Wir verknoten die Anastomosen nicht sofort und ermöglichen stattdessen eine Spülung und Entlüftung mit 500-700 ml „Hotshot-Pulmoplegie“, die mit einer tragbaren Kardioplegiekanüle antegrad verabreicht wird, wodurch das Allograft reperfundiert wird. Die Satinsky-Klemme an der PV wird dann teilweise geöffnet, um sie zu entlüften, und der PV-Knoten wird gebunden. Die PA wird dann im Laufe von 5-15 Minuten entklemmt und die Nahtlinie wird gesichert. Dies ermöglicht eine kontrollierte Niederdruckperfusion der Lunge. Die Beatmung mit minimalem FiO2 (vorzugsweise weniger als 30 %) wird von Hand und dann durch mechanische Beatmung eingeleitet. Zur Überwindung der atelektatischen De-Rekrutierung und zur Ermöglichung einer effizienten Expansion der Lunge kann ein sanftes Valsalva durchgeführt werden. Zu diesem Zeitpunkt wird der Brustkorb gespült und der Bronchus unter Eintauchen in Kochsalzlösung mit einem Druck von 25-35 cm H2O auf Dichtheit geprüft. Sobald dies zufriedenstellend ist, wird der positive endexpiratorische Druck (PEEP) auf 8-10 cm H2O eingestellt und der Patient druckkontrolliert oder mit einem Tidalvolumen von etwa 5-7 ml/kg Spendergewicht beatmet. Die intraoperative TEE wird zur Beurteilung der Entlüftung und zur Gradientenmessung über die PVs und PA eingesetzt. Die Nahtlinien werden auf Hämostase überprüft, und wenn der Patient damit zufrieden ist, kann er sich in dieser Zeit 10-15 Minuten lang erholen, bevor die gegenüberliegende Seite in genau analoger Weise behandelt wird.

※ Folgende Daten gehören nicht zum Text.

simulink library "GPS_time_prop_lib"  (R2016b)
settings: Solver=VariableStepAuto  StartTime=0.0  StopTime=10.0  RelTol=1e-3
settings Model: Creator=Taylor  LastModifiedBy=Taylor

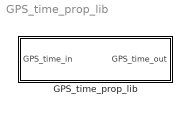
== system GPS_time_prop_lib ==
  GPS_time_prop_lib : Subsystem

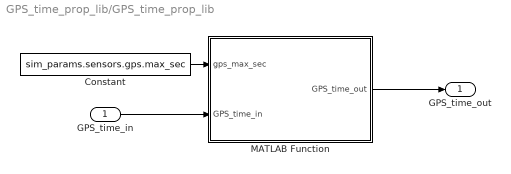
== system GPS_time_prop_lib/GPS_time_prop_lib ==
  GPS_time_in : Inport
  Constant : Constant  Value=sim_params.sensors.gps.max_sec
  MATLAB Function : MATLAB Function  TreatAsAtomicUnit=on
  GPS_time_out : Outport
  wires:
  MATLAB Function/1(GPS_time_out) -> GPS_time_out/1
  GPS_time_in/1 -> MATLAB Function/2(GPS_time_in)
  Constant/1 -> MATLAB Function/1(gps_max_sec)

== matlab function GPS_time_prop_lib/MATLAB Function ==
  data: gps_max_sec input; GPS_time_out output; GPS_time_in input
function GPS_time_out  = fcn(gps_max_sec,GPS_time_in)

gps_sec     = GPS_time_in(1);
gps_week    = GPS_time_in(2);

if( mod(gps_sec,gps_max_sec) == 0 && gps_sec ~= 0 )
    gps_week = gps_week + 1;
    gps_sec = gps_sec - gps_max_sec;
else
    gps_sec = gps_sec + 1;
    gps_week = gps_week;
end

GPS_time_out    = [ gps_sec; gps_week ];

Gemäß der Konvention legen wir drei Thoraxdrainagen in jede Pleurahöhle. Eine Thoraxdrainage mit großem Durchmesser wird anterior im Brustkorb positioniert. Eine 24F Blake-Drainage wird entlang des Zwerchfells und posterior in Richtung Apex in den Brustkorb gelegt. Eine dritte rechtwinklige Thoraxdrainage mit großem Durchmesser wird posterolateral platziert. Diese Vorgehensweise ist für beide Thoraxe gleich. Wenn das Perikard eröffnet wurde, wie ich es bei der überwiegenden Mehrheit der Transplantationen tue, wird eine 24F Blake-Drainage in das Perikard gelegt. Die beidseitige Thorakotomie-Inzision wird mit unterbrochenem Poly(ethylen, terephthalat)-Nahtmaterial Nr. 5 achterförmig verschlossen. Das Sternum wird mit drei Sternumdrähten Nr. 6 approximiert. Die pectorale Faszienschicht, die subkutane Schicht, die subdermale Schicht und die Haut werden mit resorbierbarem Nahtmaterial wieder angenähert. In letzter Zeit sind wir beim Hautverschluss viel großzügiger mit Klammern geworden. Bei übergroßen Lungen, signifikanter PID oder hämodynamischer Instabilität lassen wir den Brustkorb nach der zuvor beschriebenen Methode offen (11).

Der doppellumige Endotrachealtubus wird gegen einen einlumigen Endotrachealtubus ausgetauscht und eine Bronchoskopie zur Lungentoilette unmittelbar nach dem Eingriff durchgeführt. Während dieser Zeit wird auch eine nasoenterische Ernährungssonde gelegt, was den zusätzlichen Vorteil hat, dass dies unter endoskopischer Kontrolle der Atemwege geschieht, um eine versehentliche Platzierung der Ernährungssonde in den Atemwegen zu vermeiden. In der Regel verwenden wir in der unmittelbaren postoperativen Phase eine konservative FiO2-Konzentration von 40 %, um das theoretische Risiko einer durch freie Radikale verursachten Sauerstofftoxizität zu vermeiden, und einen PEEP von 10. Hilfsmittel wie Stickstoffoxid und Epoprostenol sollten in den ersten 12-24 Stunden postoperativ zügig abgesetzt werden, um eine rasche Extubation zu ermöglichen.